**Exercise details**
Without including the pictures, copy out every line below.

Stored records
------------------------------------------------------------------------
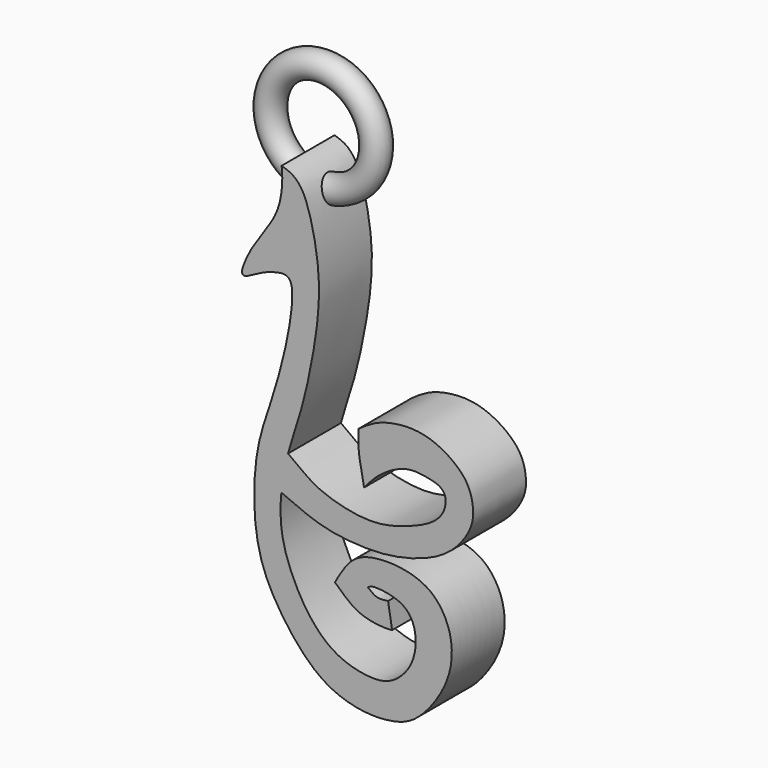
from build123d import *

# Parameters (mm, degrees)
F1_DEPTH = 2.5
F3_R     = 0.5


# Not quite as in the source:
# - a feature of the source that left no trace in its solid (it failed there, or was rolled back) is left out


with BuildPart() as f1:
    # F0 (on Front) → F1 (new body)
    with BuildSketch(Plane.XZ):
        with BuildLine():
            add(Edge.make_bspline(
                [(-1.7726288643, 7.4937217869), (-1.6254299601, 8.0591821532), (-1.2259084803, 9.0937926068), (-0.6903726988, 11.6788350146), (-0.4956453839, 13.8841811454), (-1.0152695585, 16.1613964449), (-1.4379335675, 16.7327132455), (-1.6815249154, 16.8951899193), (-2.0149676373, 17)],
                knots=[0.6118813074, 0.6118813074, 0.6118813074, 0.6118813074, 0.6791152276, 0.7616544482, 0.8411594877, 0.9182569305, 0.9584272588, 1, 1, 1, 1], degree=3))
            add(Edge.make_bspline(
                [(-2.0149676373, 17), (-1.9656486524, 16.5991608906), (-2.0114588148, 15.638178955), (-2.5972288493, 14.6742018365), (-3.1846931057, 13.9162458006), (-3.7513621292, 12.5920514079), (-2.8453175447, 13.1866538732), (-2.4694143434, 13.3088073892), (-1.9366620051, 13.4734573514), (-1.4881034834, 13.2359749948), (-1.7956456541, 11.0717155447), (-2.4204050211, 8.941146234), (-3.0810491803, 7.1441980968), (-3.1043298369, 4.1142228303), (-2.1940053499, 2.160518686), (-0.625221801, 0.2395167125), (1.0449483556, -0.2247052796), (2.131294575, -0.1794916378), (3.1477801786, 0.1133970244), (4.443024123, 1.8504527321), (4.4788204977, 3.5290687248), (3.7825767209, 4.6771348864), (2.7458134186, 5.0883628199), (1.6221184971, 5.1471587351), (0.5747804276, 4.8732090645), (0.1284792612, 4.0034242058), (0, 3.7819455476)],
                knots=[0, 0, 0, 0, 0.0420947907, 0.0802566863, 0.1187945715, 0.1539075331, 0.1831058829, 0.2087966534, 0.234772252, 0.2559542764, 0.3075833931, 0.3637408152, 0.4144060343, 0.47663661, 0.530860653, 0.5873323148, 0.6343508755, 0.6714924924, 0.7079538403, 0.7603100068, 0.8070283927, 0.847559745, 0.8851714736, 0.923667042, 0.9611044474, 1, 1, 1, 1], degree=3))
            add(Edge.make_bspline(
                [(0, 3.7819455476), (0.3034503376, 3.5129850477), (0.8420849821, 2.9324659818), (1.8680086693, 2.8558623561), (2.163980389, 2.8924297076)],
                knots=[0, 0, 0, 0, 0.4990166479, 1, 1, 1, 1], degree=3))
            Line((2.163980389, 2.8924297076), (2.0105831791, 3.8131189067))
            add(Edge.make_bspline(
                [(2.0105831791, 3.8131189067), (1.860844656, 3.7990672395), (1.5413491942, 3.7419433443), (1.3508246262, 3.95616265), (1.2435973622, 4.0179830976)],
                knots=[0, 0, 0, 0, 0.5205313518, 1, 1, 1, 1], degree=3))
            add(Edge.make_bspline(
                [(1.2435973622, 4.0179830976), (1.3501700931, 4.1035949668), (1.631709165, 4.1354313667), (2.7464380434, 3.9617793771), (3.145905977, 2.9843940382), (2.955080922, 1.9474735388), (2.3435356827, 1.2689088234), (1.6230076183, 0.9646589763), (0.1120392932, 1.2275194988), (-1.0332679252, 2.2888091644), (-1.8808878959, 3.9579854129), (-2.0930222374, 5.1211184808), (-2.0451943578, 5.9085021385), (-2.024621922, 6.1110760136)],
                knots=[0, 0, 0, 0, 0.0323452303, 0.0845305763, 0.1347650313, 0.1868339158, 0.234597264, 0.2788546909, 0.3404469835, 0.4047415731, 0.4742796506, 0.5390361644, 0.5610070323, 0.5610070323, 0.5610070323, 0.5610070323], degree=3))
            add(Edge.make_bspline(
                [(-2.024621922, 6.1110760136), (-1.9769857629, 6.5801425572), (-1.8840107015, 7.0658516555), (-1.7726288643, 7.4937217869)],
                knots=[0.5610070323, 0.5610070323, 0.5610070323, 0.5610070323, 0.6118813074, 0.6118813074, 0.6118813074, 0.6118813074], degree=3))
        make_face()
        with BuildLine():
            add(Edge.make_bspline(
                [(-1.7726288643, 7.4937217869), (-1.2903264637, 7.1664453174), (-0.8250569648, 6.6628062475), (1.3531357065, 6.0864609901), (2.7434397577, 6.5329820733), (3.6457822175, 6.8978478063), (4.1913376702, 7.4422927778), (4.2370326655, 8.252755275), (3.3907982746, 8.4411445967), (2.6469670978, 8.5138214387), (1.6502991777, 7.9469176244), (1.2875908468, 7.5138728), (1.1028246954, 7.2949388996)],
                knots=[0, 0, 0, 0, 0.1140170879, 0.2558121707, 0.3757039127, 0.4716311373, 0.5562058418, 0.6347035326, 0.7191185965, 0.8056711245, 0.9083541737, 1, 1, 1, 1], degree=3))
            add(Edge.make_bspline(
                [(-2.024621922, 6.1110760136), (-1.9769857629, 6.5801425572), (-1.8840107015, 7.0658516555), (-1.7726288643, 7.4937217869)],
                knots=[0.5610070323, 0.5610070323, 0.5610070323, 0.5610070323, 0.6118813074, 0.6118813074, 0.6118813074, 0.6118813074], degree=3))
            add(Edge.make_bspline(
                [(-2.024621922, 6.1110760136), (-1.5406921834, 5.9019148098), (-0.6474261488, 5.4936435422), (0.6623988204, 5.2939263008), (2.1537864474, 5.2830782014), (3.82887522, 5.772196202), (4.7247231772, 6.5215144714), (5.1872707557, 7.2835181637), (5.2639857262, 7.9013383638), (5.0677506424, 8.8495738657), (4.0030573425, 9.6440670056), (2.9079649402, 9.9279685288), (1.6367795247, 9.7121336655), (1.1301871754, 9.3529205926), (0.8967239992, 9.1873183846)],
                knots=[0, 0, 0, 0, 0.0955476014, 0.1839671446, 0.2791540132, 0.3812184505, 0.4647941, 0.5359291169, 0.5960535528, 0.6698373705, 0.7572428477, 0.8402643472, 0.9266589554, 1, 1, 1, 1], degree=3))
            add(Edge.make_bspline(
                [(1.1028246954, 7.2949388996), (1.0145498646, 7.7213109211), (0.8596424397, 8.469521836), (0.8855709781, 8.9714267083), (0.8967239992, 9.1873183846)],
                knots=[0, 0, 0, 0, 0.5698553884, 1, 1, 1, 1], degree=3))
        make_face()
    extrude(amount=F1_DEPTH)

    # F3 (on offset) → F4 (revolve)
    with BuildSketch(Plane.YZ.offset(-1.44)):
        with Locations((-1.25, 16)):
            Circle(F3_R)
    revolve(axis=Axis((-1.44, -0.1353690168, 18), (0, 1, 0)))


solid = f1.part
------------------------------------------------------------------------
**Expected answer**
from build123d import *

# Parameters (mm, degrees)
F1_DEPTH = 2.5
F3_R     = 0.5


# Not quite as in the source:
# - a feature of the source that left no trace in its solid (it failed there, or was rolled back) is left out


with BuildPart() as f1:
    # F0 (on Front) → F1 (new body)
    with BuildSketch(Plane.XZ):
        with BuildLine():
            add(Edge.make_bspline(
                [(-1.7726288643, 7.4937217869), (-1.6254299601, 8.0591821532), (-1.2259084803, 9.0937926068), (-0.6903726988, 11.6788350146), (-0.4956453839, 13.8841811454), (-1.0152695585, 16.1613964449), (-1.4379335675, 16.7327132455), (-1.6815249154, 16.8951899193), (-2.0149676373, 17)],
                knots=[0.6118813074, 0.6118813074, 0.6118813074, 0.6118813074, 0.6791152276, 0.7616544482, 0.8411594877, 0.9182569305, 0.9584272588, 1, 1, 1, 1], degree=3))
            add(Edge.make_bspline(
                [(-2.0149676373, 17), (-1.9656486524, 16.5991608906), (-2.0114588148, 15.638178955), (-2.5972288493, 14.6742018365), (-3.1846931057, 13.9162458006), (-3.7513621292, 12.5920514079), (-2.8453175447, 13.1866538732), (-2.4694143434, 13.3088073892), (-1.9366620051, 13.4734573514), (-1.4881034834, 13.2359749948), (-1.7956456541, 11.0717155447), (-2.4204050211, 8.941146234), (-3.0810491803, 7.1441980968), (-3.1043298369, 4.1142228303), (-2.1940053499, 2.160518686), (-0.625221801, 0.2395167125), (1.0449483556, -0.2247052796), (2.131294575, -0.1794916378), (3.1477801786, 0.1133970244), (4.443024123, 1.8504527321), (4.4788204977, 3.5290687248), (3.7825767209, 4.6771348864), (2.7458134186, 5.0883628199), (1.6221184971, 5.1471587351), (0.5747804276, 4.8732090645), (0.1284792612, 4.0034242058), (0, 3.7819455476)],
                knots=[0, 0, 0, 0, 0.0420947907, 0.0802566863, 0.1187945715, 0.1539075331, 0.1831058829, 0.2087966534, 0.234772252, 0.2559542764, 0.3075833931, 0.3637408152, 0.4144060343, 0.47663661, 0.530860653, 0.5873323148, 0.6343508755, 0.6714924924, 0.7079538403, 0.7603100068, 0.8070283927, 0.847559745, 0.8851714736, 0.923667042, 0.9611044474, 1, 1, 1, 1], degree=3))
            add(Edge.make_bspline(
                [(0, 3.7819455476), (0.3034503376, 3.5129850477), (0.8420849821, 2.9324659818), (1.8680086693, 2.8558623561), (2.163980389, 2.8924297076)],
                knots=[0, 0, 0, 0, 0.4990166479, 1, 1, 1, 1], degree=3))
            Line((2.163980389, 2.8924297076), (2.0105831791, 3.8131189067))
            add(Edge.make_bspline(
                [(2.0105831791, 3.8131189067), (1.860844656, 3.7990672395), (1.5413491942, 3.7419433443), (1.3508246262, 3.95616265), (1.2435973622, 4.0179830976)],
                knots=[0, 0, 0, 0, 0.5205313518, 1, 1, 1, 1], degree=3))
            add(Edge.make_bspline(
                [(1.2435973622, 4.0179830976), (1.3501700931, 4.1035949668), (1.631709165, 4.1354313667), (2.7464380434, 3.9617793771), (3.145905977, 2.9843940382), (2.955080922, 1.9474735388), (2.3435356827, 1.2689088234), (1.6230076183, 0.9646589763), (0.1120392932, 1.2275194988), (-1.0332679252, 2.2888091644), (-1.8808878959, 3.9579854129), (-2.0930222374, 5.1211184808), (-2.0451943578, 5.9085021385), (-2.024621922, 6.1110760136)],
                knots=[0, 0, 0, 0, 0.0323452303, 0.0845305763, 0.1347650313, 0.1868339158, 0.234597264, 0.2788546909, 0.3404469835, 0.4047415731, 0.4742796506, 0.5390361644, 0.5610070323, 0.5610070323, 0.5610070323, 0.5610070323], degree=3))
            add(Edge.make_bspline(
                [(-2.024621922, 6.1110760136), (-1.9769857629, 6.5801425572), (-1.8840107015, 7.0658516555), (-1.7726288643, 7.4937217869)],
                knots=[0.5610070323, 0.5610070323, 0.5610070323, 0.5610070323, 0.6118813074, 0.6118813074, 0.6118813074, 0.6118813074], degree=3))
        make_face()
        with BuildLine():
            add(Edge.make_bspline(
                [(-1.7726288643, 7.4937217869), (-1.2903264637, 7.1664453174), (-0.8250569648, 6.6628062475), (1.3531357065, 6.0864609901), (2.7434397577, 6.5329820733), (3.6457822175, 6.8978478063), (4.1913376702, 7.4422927778), (4.2370326655, 8.252755275), (3.3907982746, 8.4411445967), (2.6469670978, 8.5138214387), (1.6502991777, 7.9469176244), (1.2875908468, 7.5138728), (1.1028246954, 7.2949388996)],
                knots=[0, 0, 0, 0, 0.1140170879, 0.2558121707, 0.3757039127, 0.4716311373, 0.5562058418, 0.6347035326, 0.7191185965, 0.8056711245, 0.9083541737, 1, 1, 1, 1], degree=3))
            add(Edge.make_bspline(
                [(-2.024621922, 6.1110760136), (-1.9769857629, 6.5801425572), (-1.8840107015, 7.0658516555), (-1.7726288643, 7.4937217869)],
                knots=[0.5610070323, 0.5610070323, 0.5610070323, 0.5610070323, 0.6118813074, 0.6118813074, 0.6118813074, 0.6118813074], degree=3))
            add(Edge.make_bspline(
                [(-2.024621922, 6.1110760136), (-1.5406921834, 5.9019148098), (-0.6474261488, 5.4936435422), (0.6623988204, 5.2939263008), (2.1537864474, 5.2830782014), (3.82887522, 5.772196202), (4.7247231772, 6.5215144714), (5.1872707557, 7.2835181637), (5.2639857262, 7.9013383638), (5.0677506424, 8.8495738657), (4.0030573425, 9.6440670056), (2.9079649402, 9.9279685288), (1.6367795247, 9.7121336655), (1.1301871754, 9.3529205926), (0.8967239992, 9.1873183846)],
                knots=[0, 0, 0, 0, 0.0955476014, 0.1839671446, 0.2791540132, 0.3812184505, 0.4647941, 0.5359291169, 0.5960535528, 0.6698373705, 0.7572428477, 0.8402643472, 0.9266589554, 1, 1, 1, 1], degree=3))
            add(Edge.make_bspline(
                [(1.1028246954, 7.2949388996), (1.0145498646, 7.7213109211), (0.8596424397, 8.469521836), (0.8855709781, 8.9714267083), (0.8967239992, 9.1873183846)],
                knots=[0, 0, 0, 0, 0.5698553884, 1, 1, 1, 1], degree=3))
        make_face()
    extrude(amount=F1_DEPTH)

    # F3 (on offset) → F4 (revolve)
    with BuildSketch(Plane.YZ.offset(-1.44)):
        with Locations((-1.25, 16)):
            Circle(F3_R)
    revolve(axis=Axis((-1.44, -0.1353690168, 18), (0, 1, 0)))


solid = f1.part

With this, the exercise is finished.